Coding at Google

2020, Jun 30    

I doubt this will be my only post on this topic - coding at Google. I perhaps summarized it best in one of my tweets:

Becoming a software engineer because you love coding is a lot like becoming a butcher because you love animals.

There’s a distinction between coding and software engineering that is super important to me. The former is about getting a particular task done. The second is about showboating and arguing with other people about arcana, usually which text editor is best to do coding.

I’m being a bit facetious, but I would define software engineering as the discipline of producing code to common standards, the way civil engineering is about producing bridges that don’t fall down. Since physical reality doesn’t serve as a test for what a common standard should be in software, we end up with discussions about what is the appropriate style, semantics and design pattern for every problem.

A medium where one can move as fast as their thoughts means we end up with lots of frameworks people thought up, but don’t necessarily solve the business problem. Large companies have avoided this framework proliferation problem by regularizing processes all across the board. Within one large company you have a shared reality about what good code looks like (Ha, I made myself laugh with this line because it’s obviously not true, but whatever). The larger a company, the more specialized each role has to be, and so we end up with teams of reliability engineers who can enforce policies on what can launch.

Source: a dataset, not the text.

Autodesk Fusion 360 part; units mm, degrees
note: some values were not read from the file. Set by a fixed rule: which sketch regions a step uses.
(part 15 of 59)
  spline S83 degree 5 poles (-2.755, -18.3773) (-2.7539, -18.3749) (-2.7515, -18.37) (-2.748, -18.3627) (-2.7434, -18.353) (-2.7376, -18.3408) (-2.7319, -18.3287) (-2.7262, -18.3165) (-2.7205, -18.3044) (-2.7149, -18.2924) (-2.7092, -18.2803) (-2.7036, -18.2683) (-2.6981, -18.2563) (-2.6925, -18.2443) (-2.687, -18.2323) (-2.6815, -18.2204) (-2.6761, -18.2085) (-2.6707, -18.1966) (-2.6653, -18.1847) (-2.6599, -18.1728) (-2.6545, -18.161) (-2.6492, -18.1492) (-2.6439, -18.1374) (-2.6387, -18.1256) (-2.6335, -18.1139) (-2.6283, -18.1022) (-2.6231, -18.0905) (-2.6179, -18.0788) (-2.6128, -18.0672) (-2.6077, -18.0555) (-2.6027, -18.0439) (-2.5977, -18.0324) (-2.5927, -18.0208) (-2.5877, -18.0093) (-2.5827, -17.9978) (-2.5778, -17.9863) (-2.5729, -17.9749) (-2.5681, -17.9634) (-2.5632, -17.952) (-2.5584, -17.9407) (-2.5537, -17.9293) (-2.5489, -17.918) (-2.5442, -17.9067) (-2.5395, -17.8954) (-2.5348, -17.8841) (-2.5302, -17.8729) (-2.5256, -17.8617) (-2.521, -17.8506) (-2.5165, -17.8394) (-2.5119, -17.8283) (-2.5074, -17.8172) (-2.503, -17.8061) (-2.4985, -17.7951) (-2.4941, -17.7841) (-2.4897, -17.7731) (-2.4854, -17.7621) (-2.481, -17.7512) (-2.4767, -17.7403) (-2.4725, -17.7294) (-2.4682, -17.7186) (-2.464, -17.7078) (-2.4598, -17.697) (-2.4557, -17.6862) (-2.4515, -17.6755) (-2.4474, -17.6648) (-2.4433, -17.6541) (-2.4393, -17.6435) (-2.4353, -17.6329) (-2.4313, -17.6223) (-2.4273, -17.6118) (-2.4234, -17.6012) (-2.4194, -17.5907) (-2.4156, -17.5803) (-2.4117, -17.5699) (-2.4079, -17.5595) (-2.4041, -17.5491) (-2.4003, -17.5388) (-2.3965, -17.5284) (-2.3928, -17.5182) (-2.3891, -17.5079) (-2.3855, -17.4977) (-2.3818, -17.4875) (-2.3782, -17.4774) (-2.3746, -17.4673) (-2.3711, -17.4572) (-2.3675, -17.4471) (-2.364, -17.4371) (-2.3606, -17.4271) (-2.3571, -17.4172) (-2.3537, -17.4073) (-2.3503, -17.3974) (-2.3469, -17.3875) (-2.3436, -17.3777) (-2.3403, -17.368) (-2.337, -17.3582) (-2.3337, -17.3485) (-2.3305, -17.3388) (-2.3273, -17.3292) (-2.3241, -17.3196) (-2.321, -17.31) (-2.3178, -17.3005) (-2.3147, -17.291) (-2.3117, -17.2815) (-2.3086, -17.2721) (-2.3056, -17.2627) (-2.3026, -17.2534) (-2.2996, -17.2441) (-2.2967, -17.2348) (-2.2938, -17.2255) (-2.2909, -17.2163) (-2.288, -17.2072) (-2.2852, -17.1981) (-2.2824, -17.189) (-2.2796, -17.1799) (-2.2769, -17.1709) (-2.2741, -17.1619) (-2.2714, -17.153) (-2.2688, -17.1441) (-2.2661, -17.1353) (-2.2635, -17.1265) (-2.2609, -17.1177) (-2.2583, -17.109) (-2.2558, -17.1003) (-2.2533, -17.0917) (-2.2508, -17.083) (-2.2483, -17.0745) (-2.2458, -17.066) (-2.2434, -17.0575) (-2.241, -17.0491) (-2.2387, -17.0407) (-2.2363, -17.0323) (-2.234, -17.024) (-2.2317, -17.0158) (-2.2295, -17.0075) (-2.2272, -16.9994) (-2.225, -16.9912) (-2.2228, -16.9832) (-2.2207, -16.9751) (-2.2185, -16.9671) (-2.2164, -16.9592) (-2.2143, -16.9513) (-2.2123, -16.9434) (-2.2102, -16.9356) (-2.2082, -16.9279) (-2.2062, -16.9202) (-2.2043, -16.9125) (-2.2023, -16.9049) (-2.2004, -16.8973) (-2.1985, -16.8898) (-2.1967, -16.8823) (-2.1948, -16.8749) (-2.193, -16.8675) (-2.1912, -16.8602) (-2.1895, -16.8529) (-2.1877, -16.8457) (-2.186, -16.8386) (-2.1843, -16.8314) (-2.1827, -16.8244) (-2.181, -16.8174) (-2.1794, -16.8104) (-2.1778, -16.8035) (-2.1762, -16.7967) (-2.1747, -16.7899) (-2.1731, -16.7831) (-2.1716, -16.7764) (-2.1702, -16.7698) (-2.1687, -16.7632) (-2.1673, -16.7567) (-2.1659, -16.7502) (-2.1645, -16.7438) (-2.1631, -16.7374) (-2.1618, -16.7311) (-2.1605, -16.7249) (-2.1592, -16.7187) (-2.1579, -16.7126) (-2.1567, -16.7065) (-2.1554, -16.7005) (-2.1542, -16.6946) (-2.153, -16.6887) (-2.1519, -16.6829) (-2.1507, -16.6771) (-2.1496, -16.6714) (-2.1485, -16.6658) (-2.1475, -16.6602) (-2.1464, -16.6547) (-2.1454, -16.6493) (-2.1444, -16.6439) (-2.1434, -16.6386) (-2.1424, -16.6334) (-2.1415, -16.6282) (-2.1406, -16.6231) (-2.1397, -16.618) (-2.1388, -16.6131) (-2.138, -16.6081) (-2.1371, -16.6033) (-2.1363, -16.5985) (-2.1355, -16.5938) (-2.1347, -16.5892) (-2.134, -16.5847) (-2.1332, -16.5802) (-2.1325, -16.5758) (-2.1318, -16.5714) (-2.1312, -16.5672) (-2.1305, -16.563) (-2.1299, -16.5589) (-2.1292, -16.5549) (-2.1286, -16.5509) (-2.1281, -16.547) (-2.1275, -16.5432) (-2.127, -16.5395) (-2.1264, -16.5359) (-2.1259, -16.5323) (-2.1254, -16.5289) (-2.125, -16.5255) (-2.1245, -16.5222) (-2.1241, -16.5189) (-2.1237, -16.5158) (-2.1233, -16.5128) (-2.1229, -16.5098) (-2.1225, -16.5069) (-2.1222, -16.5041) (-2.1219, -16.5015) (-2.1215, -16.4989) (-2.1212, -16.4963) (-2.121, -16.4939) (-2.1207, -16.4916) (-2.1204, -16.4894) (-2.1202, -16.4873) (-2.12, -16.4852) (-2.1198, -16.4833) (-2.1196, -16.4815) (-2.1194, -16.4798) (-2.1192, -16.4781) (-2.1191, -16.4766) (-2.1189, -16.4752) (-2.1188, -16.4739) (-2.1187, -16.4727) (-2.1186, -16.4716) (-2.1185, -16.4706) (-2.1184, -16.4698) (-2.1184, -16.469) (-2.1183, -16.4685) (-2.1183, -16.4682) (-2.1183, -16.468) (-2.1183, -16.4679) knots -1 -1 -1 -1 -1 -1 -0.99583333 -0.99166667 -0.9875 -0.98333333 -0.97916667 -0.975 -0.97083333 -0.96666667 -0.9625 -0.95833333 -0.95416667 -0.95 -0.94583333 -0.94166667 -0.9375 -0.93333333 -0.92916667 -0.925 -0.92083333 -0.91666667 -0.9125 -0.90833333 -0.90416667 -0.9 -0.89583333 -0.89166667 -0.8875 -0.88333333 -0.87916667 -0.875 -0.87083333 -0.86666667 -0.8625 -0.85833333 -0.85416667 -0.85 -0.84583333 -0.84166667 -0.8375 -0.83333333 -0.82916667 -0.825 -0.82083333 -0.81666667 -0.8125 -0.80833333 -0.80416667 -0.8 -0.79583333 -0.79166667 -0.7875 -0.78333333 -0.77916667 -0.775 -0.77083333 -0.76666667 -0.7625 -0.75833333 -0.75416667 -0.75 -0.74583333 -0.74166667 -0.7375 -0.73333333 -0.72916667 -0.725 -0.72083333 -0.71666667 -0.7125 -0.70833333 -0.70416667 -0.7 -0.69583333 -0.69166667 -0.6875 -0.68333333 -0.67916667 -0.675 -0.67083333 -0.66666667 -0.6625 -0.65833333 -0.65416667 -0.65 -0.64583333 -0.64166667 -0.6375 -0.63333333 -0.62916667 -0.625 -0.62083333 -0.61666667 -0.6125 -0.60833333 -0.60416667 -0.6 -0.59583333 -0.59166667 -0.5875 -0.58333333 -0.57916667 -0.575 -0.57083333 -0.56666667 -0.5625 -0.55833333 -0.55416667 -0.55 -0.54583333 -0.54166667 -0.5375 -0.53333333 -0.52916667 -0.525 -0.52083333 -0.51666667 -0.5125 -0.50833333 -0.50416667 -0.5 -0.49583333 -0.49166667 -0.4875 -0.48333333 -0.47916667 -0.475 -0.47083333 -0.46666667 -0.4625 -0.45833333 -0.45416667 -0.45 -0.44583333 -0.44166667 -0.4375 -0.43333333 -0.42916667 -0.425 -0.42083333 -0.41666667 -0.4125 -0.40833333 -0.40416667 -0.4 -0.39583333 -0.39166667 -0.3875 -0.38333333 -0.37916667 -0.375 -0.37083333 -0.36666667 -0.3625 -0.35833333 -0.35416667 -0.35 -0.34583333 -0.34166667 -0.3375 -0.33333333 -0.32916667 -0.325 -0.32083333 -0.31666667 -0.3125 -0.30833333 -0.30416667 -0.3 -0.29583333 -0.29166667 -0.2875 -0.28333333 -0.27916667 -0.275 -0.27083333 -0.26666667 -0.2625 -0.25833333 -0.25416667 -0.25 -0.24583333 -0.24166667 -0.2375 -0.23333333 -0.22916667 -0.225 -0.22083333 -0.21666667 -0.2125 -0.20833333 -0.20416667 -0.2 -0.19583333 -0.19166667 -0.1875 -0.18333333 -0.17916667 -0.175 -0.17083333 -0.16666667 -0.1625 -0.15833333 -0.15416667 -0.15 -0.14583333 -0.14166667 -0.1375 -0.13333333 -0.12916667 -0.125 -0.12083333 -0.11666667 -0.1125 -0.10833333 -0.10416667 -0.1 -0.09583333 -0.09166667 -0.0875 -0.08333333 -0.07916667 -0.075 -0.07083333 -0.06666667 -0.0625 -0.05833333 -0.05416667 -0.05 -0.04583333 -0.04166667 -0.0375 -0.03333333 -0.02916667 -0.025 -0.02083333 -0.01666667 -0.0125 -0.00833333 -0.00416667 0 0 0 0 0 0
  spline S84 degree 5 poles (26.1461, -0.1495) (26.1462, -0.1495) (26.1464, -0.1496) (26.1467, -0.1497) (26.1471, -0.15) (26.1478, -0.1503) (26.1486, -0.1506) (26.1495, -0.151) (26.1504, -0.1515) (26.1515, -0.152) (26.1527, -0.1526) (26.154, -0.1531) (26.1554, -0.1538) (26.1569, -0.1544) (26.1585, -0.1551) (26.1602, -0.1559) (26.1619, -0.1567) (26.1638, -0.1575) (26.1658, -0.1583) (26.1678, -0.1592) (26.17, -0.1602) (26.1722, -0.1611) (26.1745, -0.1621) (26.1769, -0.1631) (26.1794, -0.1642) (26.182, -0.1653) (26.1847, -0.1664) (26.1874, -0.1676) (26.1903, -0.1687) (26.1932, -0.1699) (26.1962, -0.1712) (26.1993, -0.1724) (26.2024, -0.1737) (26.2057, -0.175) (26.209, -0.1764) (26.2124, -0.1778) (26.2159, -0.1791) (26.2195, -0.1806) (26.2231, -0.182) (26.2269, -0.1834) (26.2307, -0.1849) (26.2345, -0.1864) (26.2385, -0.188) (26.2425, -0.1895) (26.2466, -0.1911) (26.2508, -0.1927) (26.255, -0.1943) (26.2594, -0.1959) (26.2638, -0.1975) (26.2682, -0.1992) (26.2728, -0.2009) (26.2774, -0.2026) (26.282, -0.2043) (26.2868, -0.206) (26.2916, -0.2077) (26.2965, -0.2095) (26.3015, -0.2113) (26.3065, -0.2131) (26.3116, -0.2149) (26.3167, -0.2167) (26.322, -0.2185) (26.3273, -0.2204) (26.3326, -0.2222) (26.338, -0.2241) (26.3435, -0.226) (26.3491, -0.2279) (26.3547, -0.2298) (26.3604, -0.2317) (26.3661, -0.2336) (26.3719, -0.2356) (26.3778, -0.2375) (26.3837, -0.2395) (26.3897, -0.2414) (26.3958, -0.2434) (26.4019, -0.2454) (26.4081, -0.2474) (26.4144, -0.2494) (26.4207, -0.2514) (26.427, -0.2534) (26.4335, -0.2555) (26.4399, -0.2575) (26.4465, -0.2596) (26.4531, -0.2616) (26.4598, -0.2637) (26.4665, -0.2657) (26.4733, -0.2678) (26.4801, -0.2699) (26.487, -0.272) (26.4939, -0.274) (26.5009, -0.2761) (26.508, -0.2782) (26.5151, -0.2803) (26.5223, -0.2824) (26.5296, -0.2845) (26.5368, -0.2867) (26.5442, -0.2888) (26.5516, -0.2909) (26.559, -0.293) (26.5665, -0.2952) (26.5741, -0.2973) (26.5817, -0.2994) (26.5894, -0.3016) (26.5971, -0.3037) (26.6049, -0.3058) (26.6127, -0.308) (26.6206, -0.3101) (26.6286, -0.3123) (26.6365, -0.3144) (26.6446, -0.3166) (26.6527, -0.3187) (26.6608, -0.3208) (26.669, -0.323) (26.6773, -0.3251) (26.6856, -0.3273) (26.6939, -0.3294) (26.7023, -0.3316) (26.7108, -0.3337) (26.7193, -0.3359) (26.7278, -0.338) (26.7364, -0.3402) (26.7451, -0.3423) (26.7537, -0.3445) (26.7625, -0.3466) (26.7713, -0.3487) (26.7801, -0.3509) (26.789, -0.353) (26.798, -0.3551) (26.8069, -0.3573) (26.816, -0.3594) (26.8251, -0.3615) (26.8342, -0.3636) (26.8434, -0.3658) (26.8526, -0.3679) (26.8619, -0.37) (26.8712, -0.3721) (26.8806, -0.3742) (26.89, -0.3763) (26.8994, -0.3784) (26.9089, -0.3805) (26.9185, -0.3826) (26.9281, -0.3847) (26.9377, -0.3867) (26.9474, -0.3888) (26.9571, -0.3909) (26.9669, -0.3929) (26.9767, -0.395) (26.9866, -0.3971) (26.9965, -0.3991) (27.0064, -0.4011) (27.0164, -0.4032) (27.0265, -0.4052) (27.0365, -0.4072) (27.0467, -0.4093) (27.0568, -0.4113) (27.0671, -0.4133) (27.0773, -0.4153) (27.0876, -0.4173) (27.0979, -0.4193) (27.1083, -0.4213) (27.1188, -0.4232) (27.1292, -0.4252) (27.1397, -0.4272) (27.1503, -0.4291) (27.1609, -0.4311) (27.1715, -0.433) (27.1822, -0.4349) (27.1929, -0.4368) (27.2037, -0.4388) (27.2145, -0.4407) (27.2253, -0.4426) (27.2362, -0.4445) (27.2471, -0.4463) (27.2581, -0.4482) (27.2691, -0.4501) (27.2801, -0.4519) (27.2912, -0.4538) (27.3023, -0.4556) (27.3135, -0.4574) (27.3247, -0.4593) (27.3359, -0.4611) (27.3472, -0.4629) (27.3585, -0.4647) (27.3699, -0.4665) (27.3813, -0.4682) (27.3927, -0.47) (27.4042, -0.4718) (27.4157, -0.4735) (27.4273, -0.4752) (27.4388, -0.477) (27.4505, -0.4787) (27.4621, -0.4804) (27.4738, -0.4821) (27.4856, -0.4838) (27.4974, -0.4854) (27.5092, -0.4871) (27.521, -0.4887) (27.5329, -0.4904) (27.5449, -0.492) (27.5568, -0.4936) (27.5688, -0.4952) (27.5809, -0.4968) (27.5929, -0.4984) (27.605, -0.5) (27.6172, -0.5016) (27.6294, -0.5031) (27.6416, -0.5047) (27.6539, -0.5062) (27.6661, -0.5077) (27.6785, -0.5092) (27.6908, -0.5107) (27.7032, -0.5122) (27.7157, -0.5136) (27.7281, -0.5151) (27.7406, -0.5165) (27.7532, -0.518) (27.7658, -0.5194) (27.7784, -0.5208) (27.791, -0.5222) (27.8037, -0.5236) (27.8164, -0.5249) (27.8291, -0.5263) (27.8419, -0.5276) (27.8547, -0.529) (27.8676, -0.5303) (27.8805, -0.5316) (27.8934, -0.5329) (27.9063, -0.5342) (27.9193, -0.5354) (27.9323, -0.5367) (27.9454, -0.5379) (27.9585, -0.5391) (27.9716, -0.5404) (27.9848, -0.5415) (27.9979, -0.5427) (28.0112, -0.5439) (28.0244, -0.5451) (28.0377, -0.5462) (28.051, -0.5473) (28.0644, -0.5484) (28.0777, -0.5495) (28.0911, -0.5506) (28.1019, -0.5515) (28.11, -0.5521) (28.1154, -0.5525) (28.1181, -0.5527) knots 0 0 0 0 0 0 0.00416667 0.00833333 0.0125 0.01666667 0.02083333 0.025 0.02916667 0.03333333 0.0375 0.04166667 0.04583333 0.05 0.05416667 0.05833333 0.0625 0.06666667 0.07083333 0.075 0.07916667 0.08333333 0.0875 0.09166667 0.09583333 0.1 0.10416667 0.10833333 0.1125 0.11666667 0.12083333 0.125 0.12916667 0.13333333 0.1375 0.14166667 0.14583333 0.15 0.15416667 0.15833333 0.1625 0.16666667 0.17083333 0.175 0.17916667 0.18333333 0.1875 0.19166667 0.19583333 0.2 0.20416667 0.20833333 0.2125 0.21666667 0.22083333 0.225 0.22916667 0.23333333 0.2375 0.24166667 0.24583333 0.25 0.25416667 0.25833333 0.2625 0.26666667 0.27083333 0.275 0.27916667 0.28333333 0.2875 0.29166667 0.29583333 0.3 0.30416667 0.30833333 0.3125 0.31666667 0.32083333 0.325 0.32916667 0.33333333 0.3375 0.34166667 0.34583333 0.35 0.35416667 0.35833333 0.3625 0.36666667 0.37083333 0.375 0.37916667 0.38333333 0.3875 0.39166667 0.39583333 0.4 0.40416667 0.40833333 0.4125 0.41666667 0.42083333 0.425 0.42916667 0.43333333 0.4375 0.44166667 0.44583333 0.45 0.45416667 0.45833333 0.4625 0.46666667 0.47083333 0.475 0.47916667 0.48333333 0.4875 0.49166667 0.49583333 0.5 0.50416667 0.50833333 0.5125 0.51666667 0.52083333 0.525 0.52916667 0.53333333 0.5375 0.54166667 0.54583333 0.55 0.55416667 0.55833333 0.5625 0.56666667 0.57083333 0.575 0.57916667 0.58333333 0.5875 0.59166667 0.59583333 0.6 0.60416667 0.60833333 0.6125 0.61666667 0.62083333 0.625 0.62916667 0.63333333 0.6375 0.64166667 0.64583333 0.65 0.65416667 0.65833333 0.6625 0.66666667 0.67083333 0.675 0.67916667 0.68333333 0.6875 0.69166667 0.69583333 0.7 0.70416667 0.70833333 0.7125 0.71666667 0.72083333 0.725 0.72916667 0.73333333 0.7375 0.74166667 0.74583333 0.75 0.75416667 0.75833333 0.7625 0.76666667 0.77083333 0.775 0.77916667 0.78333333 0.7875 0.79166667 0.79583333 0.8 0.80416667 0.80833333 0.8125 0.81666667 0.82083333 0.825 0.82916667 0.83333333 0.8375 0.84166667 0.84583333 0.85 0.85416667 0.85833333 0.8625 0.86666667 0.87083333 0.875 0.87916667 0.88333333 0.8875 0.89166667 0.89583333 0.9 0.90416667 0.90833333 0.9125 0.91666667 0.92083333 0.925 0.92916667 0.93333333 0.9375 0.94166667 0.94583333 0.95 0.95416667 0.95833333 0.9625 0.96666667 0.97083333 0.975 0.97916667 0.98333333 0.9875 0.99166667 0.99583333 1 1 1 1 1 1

In order to get things to launch and pass reliability review as fast as possible, teams build frameworks which prevent the common mistakes identified in past outages. They also implement massive testing, which is Very Good.

It’s just not very fun.

Being a SWE at Google is challenging and interesting and I learned a lot, but I also completely lost my desire to tinker. I lost my love for sitting down and writing some code. It just made me ill to think about how this thing could scale up and cause massive outages on day one or be a nightmare that pages me every evening before I sleep. While learning the first few frameworks was fun, I wasn’t really enjoying anything else. I learned a bit more about product, hardware, UX, got really into i18n and l10n, and had the chance to play with a lot of different topics…but the coding itself? I didn’t enjoy the work.

My primary problem with all that is how deeply I used to identify with being a coder. It seems inaccessible to me now. Who was that guy? I can’t imagine putting myself through the frustration-release cycle that is finding that annoying P0 bug before release cutoff. But I do miss making things, and I hope to one day get back to making things. Writing has been a real boon to me in that way - helping me to see output and process the things I’ve taken in, into a more concrete form. There are skills and circuits from programming that are reused a lot.